> What the exercise asks:
This exercise calls for the line with "#11141 = CARTESIAN_POINT", the line with "#14459 = EDGE_CURVE", and all lines between them in the material below, output exactly and with no other lines.

> Data to process:
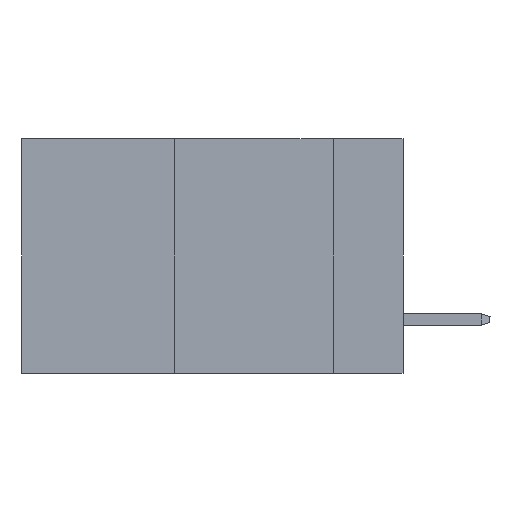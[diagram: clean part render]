
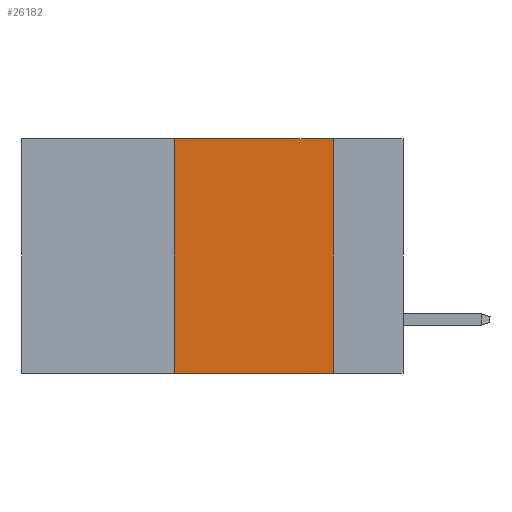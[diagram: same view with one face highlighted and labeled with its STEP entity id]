
A CAD part, left-side view. The second image highlights one B-rep face of the part: STEP entity #26182.
In plain terms, the highlighted planar face has unit normal (-1, 0, 0).
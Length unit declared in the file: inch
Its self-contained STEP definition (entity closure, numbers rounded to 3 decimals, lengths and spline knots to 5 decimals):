
#156 = ORIENTED_EDGE ( 'NONE', *, *, #9282, .F. ) ;
#594 = EDGE_CURVE ( 'NONE', #26077, #8109, #3857, .T. ) ;
#1047 = DIRECTION ( 'NONE',  ( 0., 0., -1. ) ) ;
#2750 = LINE ( 'NONE', #11007, #19082 ) ;
#2916 = ORIENTED_EDGE ( 'NONE', *, *, #594, .F. ) ;
#3460 = EDGE_CURVE ( 'NONE', #6791, #9782, #2750, .T. ) ;
#3857 = LINE ( 'NONE', #20411, #13375 ) ;
#5104 = LINE ( 'NONE', #25609, #16996 ) ;
#5244 = DIRECTION ( 'NONE',  ( 0., 0., 1. ) ) ;
#5288 = LINE ( 'NONE', #13562, #19300 ) ;
#6297 = ORIENTED_EDGE ( 'NONE', *, *, #7930, .F. ) ;
#6607 = ORIENTED_EDGE ( 'NONE', *, *, #3460, .T. ) ;
#6791 = VERTEX_POINT ( 'NONE', #17080 ) ;
#7930 = EDGE_CURVE ( 'NONE', #6791, #26077, #5104, .T. ) ;
#8109 = VERTEX_POINT ( 'NONE', #18282 ) ;
#9282 = EDGE_CURVE ( 'NONE', #8109, #9782, #5288, .T. ) ;
#9459 = DIRECTION ( 'NONE',  ( 1., 0., 0. ) ) ;
#9759 = DIRECTION ( 'NONE',  ( 0., 0., -1. ) ) ;
#9782 = VERTEX_POINT ( 'NONE', #24625 ) ;
#10095 = DIRECTION ( 'NONE',  ( 0., -1., 0. ) ) ;
#11007 = CARTESIAN_POINT ( 'NONE',  ( 0., 0.6, -0.37 ) ) ;
#11496 = CARTESIAN_POINT ( 'NONE',  ( 0., 0.6, 0. ) ) ;
#13375 = VECTOR ( 'NONE', #10095, 39.37008 ) ;
#13562 = CARTESIAN_POINT ( 'NONE',  ( 0., 0.11, 0. ) ) ;
#15998 = AXIS2_PLACEMENT_3D ( 'NONE', #11496, #9459, #1047 ) ;
#16996 = VECTOR ( 'NONE', #5244, 39.37008 ) ;
#17080 = CARTESIAN_POINT ( 'NONE',  ( 0., 0.36, -0.37 ) ) ;
#18282 = CARTESIAN_POINT ( 'NONE',  ( 0., 0.11, 0. ) ) ;
#19082 = VECTOR ( 'NONE', #19305, 39.37008 ) ;
#19300 = VECTOR ( 'NONE', #9759, 39.37008 ) ;
#19305 = DIRECTION ( 'NONE',  ( 0., -1., 0. ) ) ;
#20069 = FACE_OUTER_BOUND ( 'NONE', #21497, .T. ) ;
#20411 = CARTESIAN_POINT ( 'NONE',  ( 0., 0.6, 0. ) ) ;
#21497 = EDGE_LOOP ( 'NONE', ( #156, #2916, #6297, #6607 ) ) ;
#23583 = CARTESIAN_POINT ( 'NONE',  ( 0., 0.36, 0. ) ) ;
#24129 = PLANE ( 'NONE',  #15998 ) ;
#24625 = CARTESIAN_POINT ( 'NONE',  ( 0., 0.11, -0.37 ) ) ;
#25609 = CARTESIAN_POINT ( 'NONE',  ( 0., 0.36, 0. ) ) ;
#26077 = VERTEX_POINT ( 'NONE', #23583 ) ;
#26182 = ADVANCED_FACE ( 'NONE', ( #20069 ), #24129, .F. ) ;
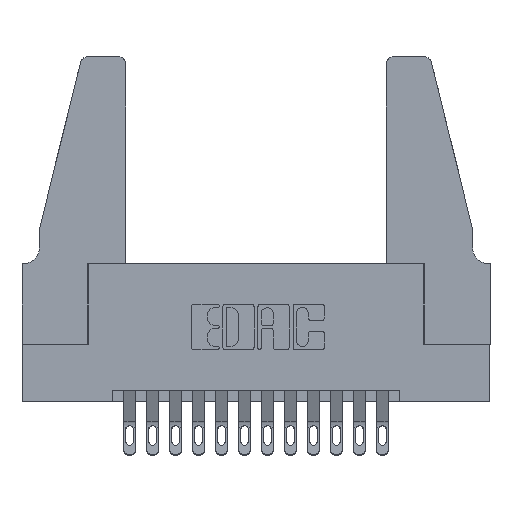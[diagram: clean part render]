
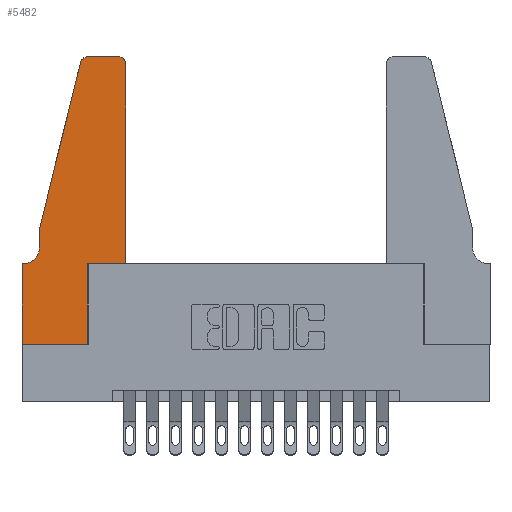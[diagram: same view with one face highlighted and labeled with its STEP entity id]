
A CAD part, top view. The second image highlights one B-rep face of the part: STEP entity #5482.
In plain terms, the highlighted planar face has unit normal (0, 0, 1).
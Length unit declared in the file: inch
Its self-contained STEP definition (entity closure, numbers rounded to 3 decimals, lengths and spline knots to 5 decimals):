
#66 = DIRECTION ( 'NONE',  ( 1., 0., 0. ) ) ;
#68 = EDGE_CURVE ( 'NONE', #10396, #11256, #2403, .T. ) ;
#447 = ORIENTED_EDGE ( 'NONE', *, *, #14626, .T. ) ;
#499 = DIRECTION ( 'NONE',  ( 1., 0., 0. ) ) ;
#636 = ORIENTED_EDGE ( 'NONE', *, *, #12247, .T. ) ;
#896 = DIRECTION ( 'NONE',  ( -1., 0., 0. ) ) ;
#1134 = VECTOR ( 'NONE', #2649, 39.37008 ) ;
#1259 = CARTESIAN_POINT ( 'NONE',  ( 0.284, 1.25, 0.37 ) ) ;
#1602 = CIRCLE ( 'NONE', #11623, 0.03 ) ;
#1690 = CARTESIAN_POINT ( 'NONE',  ( 0., 0., 0.37 ) ) ;
#1695 = DIRECTION ( 'NONE',  ( 0., 0., -1. ) ) ;
#1731 = ORIENTED_EDGE ( 'NONE', *, *, #14459, .T. ) ;
#1764 = CARTESIAN_POINT ( 'NONE',  ( 0., 0., 0.37 ) ) ;
#2403 = CIRCLE ( 'NONE', #11865, 0.07 ) ;
#2626 = LINE ( 'NONE', #1690, #5271 ) ;
#2649 = DIRECTION ( 'NONE',  ( 0., -1., 0. ) ) ;
#2809 = VECTOR ( 'NONE', #12594, 39.37008 ) ;
#2885 = CARTESIAN_POINT ( 'NONE',  ( 0.0055, 0.42, 0.37 ) ) ;
#2941 = DIRECTION ( 'NONE',  ( 0., 0., 1. ) ) ;
#3210 = DIRECTION ( 'NONE',  ( 1., 0., 0. ) ) ;
#3845 = VECTOR ( 'NONE', #13392, 39.37008 ) ;
#4041 = LINE ( 'NONE', #14674, #3845 ) ;
#4097 = EDGE_CURVE ( 'NONE', #15137, #5922, #13738, .T. ) ;
#4309 = VERTEX_POINT ( 'NONE', #12891 ) ;
#4357 = ORIENTED_EDGE ( 'NONE', *, *, #68, .T. ) ;
#4721 = CARTESIAN_POINT ( 'NONE',  ( 0.0755, 0.5, 0.37 ) ) ;
#4800 = FACE_OUTER_BOUND ( 'NONE', #14989, .T. ) ;
#4968 = ORIENTED_EDGE ( 'NONE', *, *, #10541, .T. ) ;
#5118 = DIRECTION ( 'NONE',  ( 1., 0., 0. ) ) ;
#5167 = CARTESIAN_POINT ( 'NONE',  ( 0.4505, 0.35, 0.37 ) ) ;
#5209 = ORIENTED_EDGE ( 'NONE', *, *, #5463, .T. ) ;
#5271 = VECTOR ( 'NONE', #499, 39.37008 ) ;
#5394 = DIRECTION ( 'NONE',  ( 0., 0., 1. ) ) ;
#5406 = VECTOR ( 'NONE', #5118, 39.37008 ) ;
#5433 = VERTEX_POINT ( 'NONE', #14991 ) ;
#5463 = EDGE_CURVE ( 'NONE', #6011, #7931, #13509, .T. ) ;
#5482 = ADVANCED_FACE ( 'NONE', ( #4800 ), #13869, .T. ) ;
#5524 = VERTEX_POINT ( 'NONE', #1764 ) ;
#5792 = EDGE_CURVE ( 'NONE', #5933, #8290, #8317, .T. ) ;
#5863 = LINE ( 'NONE', #11382, #2809 ) ;
#5922 = VERTEX_POINT ( 'NONE', #4721 ) ;
#5933 = VERTEX_POINT ( 'NONE', #14878 ) ;
#6011 = VERTEX_POINT ( 'NONE', #8871 ) ;
#6137 = ORIENTED_EDGE ( 'NONE', *, *, #12800, .T. ) ;
#6397 = CARTESIAN_POINT ( 'NONE',  ( 0., 0., 0.37 ) ) ;
#6466 = CARTESIAN_POINT ( 'NONE',  ( 0.4505, 1.22, 0.37 ) ) ;
#6483 = DIRECTION ( 'NONE',  ( 0., 0., 1. ) ) ;
#6576 = VECTOR ( 'NONE', #896, 39.37008 ) ;
#7133 = EDGE_CURVE ( 'NONE', #8290, #15137, #9438, .T. ) ;
#7333 = DIRECTION ( 'NONE',  ( -1., 0., 0. ) ) ;
#7451 = AXIS2_PLACEMENT_3D ( 'NONE', #12801, #5394, #3210 ) ;
#7464 = CARTESIAN_POINT ( 'NONE',  ( 0., 0.35, 0.37 ) ) ;
#7497 = AXIS2_PLACEMENT_3D ( 'NONE', #7464, #6483, #66 ) ;
#7774 = DIRECTION ( 'NONE',  ( 1., 0., 0. ) ) ;
#7825 = CARTESIAN_POINT ( 'NONE',  ( 0.4205, 1.22, 0.37 ) ) ;
#7931 = VERTEX_POINT ( 'NONE', #10380 ) ;
#7994 = VECTOR ( 'NONE', #14859, 39.37008 ) ;
#8289 = CARTESIAN_POINT ( 'NONE',  ( 0.2605, 1.25, 0.37 ) ) ;
#8290 = VERTEX_POINT ( 'NONE', #1259 ) ;
#8317 = LINE ( 'NONE', #8289, #6576 ) ;
#8871 = CARTESIAN_POINT ( 'NONE',  ( 0.2865, 0.35, 0.37 ) ) ;
#9134 = EDGE_CURVE ( 'NONE', #5922, #10396, #11413, .T. ) ;
#9281 = CARTESIAN_POINT ( 'NONE',  ( 0.25487, 1.22718, 0.37 ) ) ;
#9438 = CIRCLE ( 'NONE', #7451, 0.03 ) ;
#9605 = ORIENTED_EDGE ( 'NONE', *, *, #7133, .T. ) ;
#9710 = VECTOR ( 'NONE', #11452, 39.37008 ) ;
#9834 = EDGE_CURVE ( 'NONE', #14442, #5933, #1602, .T. ) ;
#10009 = ORIENTED_EDGE ( 'NONE', *, *, #4097, .T. ) ;
#10142 = CARTESIAN_POINT ( 'NONE',  ( 0.0755, 0.42, 0.37 ) ) ;
#10380 = CARTESIAN_POINT ( 'NONE',  ( 0.4505, 0.35, 0.37 ) ) ;
#10396 = VERTEX_POINT ( 'NONE', #10142 ) ;
#10541 = EDGE_CURVE ( 'NONE', #4309, #6011, #4041, .T. ) ;
#11141 = CARTESIAN_POINT ( 'NONE',  ( 0.0055, 0.35, 0.37 ) ) ;
#11239 = ORIENTED_EDGE ( 'NONE', *, *, #9834, .T. ) ;
#11256 = VERTEX_POINT ( 'NONE', #11141 ) ;
#11382 = CARTESIAN_POINT ( 'NONE',  ( 0.4505, 0.35, 0.37 ) ) ;
#11413 = LINE ( 'NONE', #13669, #7994 ) ;
#11452 = DIRECTION ( 'NONE',  ( -0.239, -0.971, 0. ) ) ;
#11537 = DIRECTION ( 'NONE',  ( -1., 0., 0. ) ) ;
#11623 = AXIS2_PLACEMENT_3D ( 'NONE', #7825, #2941, #7774 ) ;
#11865 = AXIS2_PLACEMENT_3D ( 'NONE', #2885, #1695, #11537 ) ;
#12247 = EDGE_CURVE ( 'NONE', #5433, #5524, #15206, .T. ) ;
#12286 = VECTOR ( 'NONE', #7333, 39.37008 ) ;
#12594 = DIRECTION ( 'NONE',  ( 0., 1., 0. ) ) ;
#12800 = EDGE_CURVE ( 'NONE', #11256, #5433, #14064, .T. ) ;
#12801 = CARTESIAN_POINT ( 'NONE',  ( 0.284, 1.22, 0.37 ) ) ;
#12891 = CARTESIAN_POINT ( 'NONE',  ( 0.2865, 0., 0.37 ) ) ;
#13392 = DIRECTION ( 'NONE',  ( 0., 1., 0. ) ) ;
#13479 = ORIENTED_EDGE ( 'NONE', *, *, #9134, .T. ) ;
#13509 = LINE ( 'NONE', #5167, #5406 ) ;
#13669 = CARTESIAN_POINT ( 'NONE',  ( 0.0755, 0.5, 0.37 ) ) ;
#13690 = CARTESIAN_POINT ( 'NONE',  ( 0.0755, 0.5, 0.37 ) ) ;
#13738 = LINE ( 'NONE', #13690, #9710 ) ;
#13869 = PLANE ( 'NONE',  #7497 ) ;
#14064 = LINE ( 'NONE', #14158, #12286 ) ;
#14131 = ORIENTED_EDGE ( 'NONE', *, *, #5792, .T. ) ;
#14158 = CARTESIAN_POINT ( 'NONE',  ( 0.0755, 0.35, 0.37 ) ) ;
#14442 = VERTEX_POINT ( 'NONE', #6466 ) ;
#14459 = EDGE_CURVE ( 'NONE', #7931, #14442, #5863, .T. ) ;
#14626 = EDGE_CURVE ( 'NONE', #5524, #4309, #2626, .T. ) ;
#14674 = CARTESIAN_POINT ( 'NONE',  ( 0.2865, 0.35, 0.37 ) ) ;
#14859 = DIRECTION ( 'NONE',  ( 0., -1., 0. ) ) ;
#14878 = CARTESIAN_POINT ( 'NONE',  ( 0.4205, 1.25, 0.37 ) ) ;
#14989 = EDGE_LOOP ( 'NONE', ( #14131, #9605, #10009, #13479, #4357, #6137, #636, #447, #4968, #5209, #1731, #11239 ) ) ;
#14991 = CARTESIAN_POINT ( 'NONE',  ( 0., 0.35, 0.37 ) ) ;
#15137 = VERTEX_POINT ( 'NONE', #9281 ) ;
#15206 = LINE ( 'NONE', #6397, #1134 ) ;

> Solution to this exercise:
#11141 = CARTESIAN_POINT ( 'NONE',  ( 0.0055, 0.35, 0.37 ) ) ;
#11239 = ORIENTED_EDGE ( 'NONE', *, *, #9834, .T. ) ;
#11256 = VERTEX_POINT ( 'NONE', #11141 ) ;
#11382 = CARTESIAN_POINT ( 'NONE',  ( 0.4505, 0.35, 0.37 ) ) ;
#11413 = LINE ( 'NONE', #13669, #7994 ) ;
#11452 = DIRECTION ( 'NONE',  ( -0.239, -0.971, 0. ) ) ;
#11537 = DIRECTION ( 'NONE',  ( -1., 0., 0. ) ) ;
#11623 = AXIS2_PLACEMENT_3D ( 'NONE', #7825, #2941, #7774 ) ;
#11865 = AXIS2_PLACEMENT_3D ( 'NONE', #2885, #1695, #11537 ) ;
#12247 = EDGE_CURVE ( 'NONE', #5433, #5524, #15206, .T. ) ;
#12286 = VECTOR ( 'NONE', #7333, 39.37008 ) ;
#12594 = DIRECTION ( 'NONE',  ( 0., 1., 0. ) ) ;
#12800 = EDGE_CURVE ( 'NONE', #11256, #5433, #14064, .T. ) ;
#12801 = CARTESIAN_POINT ( 'NONE',  ( 0.284, 1.22, 0.37 ) ) ;
#12891 = CARTESIAN_POINT ( 'NONE',  ( 0.2865, 0., 0.37 ) ) ;
#13392 = DIRECTION ( 'NONE',  ( 0., 1., 0. ) ) ;
#13479 = ORIENTED_EDGE ( 'NONE', *, *, #9134, .T. ) ;
#13509 = LINE ( 'NONE', #5167, #5406 ) ;
#13669 = CARTESIAN_POINT ( 'NONE',  ( 0.0755, 0.5, 0.37 ) ) ;
#13690 = CARTESIAN_POINT ( 'NONE',  ( 0.0755, 0.5, 0.37 ) ) ;
#13738 = LINE ( 'NONE', #13690, #9710 ) ;
#13869 = PLANE ( 'NONE',  #7497 ) ;
#14064 = LINE ( 'NONE', #14158, #12286 ) ;
#14131 = ORIENTED_EDGE ( 'NONE', *, *, #5792, .T. ) ;
#14158 = CARTESIAN_POINT ( 'NONE',  ( 0.0755, 0.35, 0.37 ) ) ;
#14442 = VERTEX_POINT ( 'NONE', #6466 ) ;
#14459 = EDGE_CURVE ( 'NONE', #7931, #14442, #5863, .T. ) ;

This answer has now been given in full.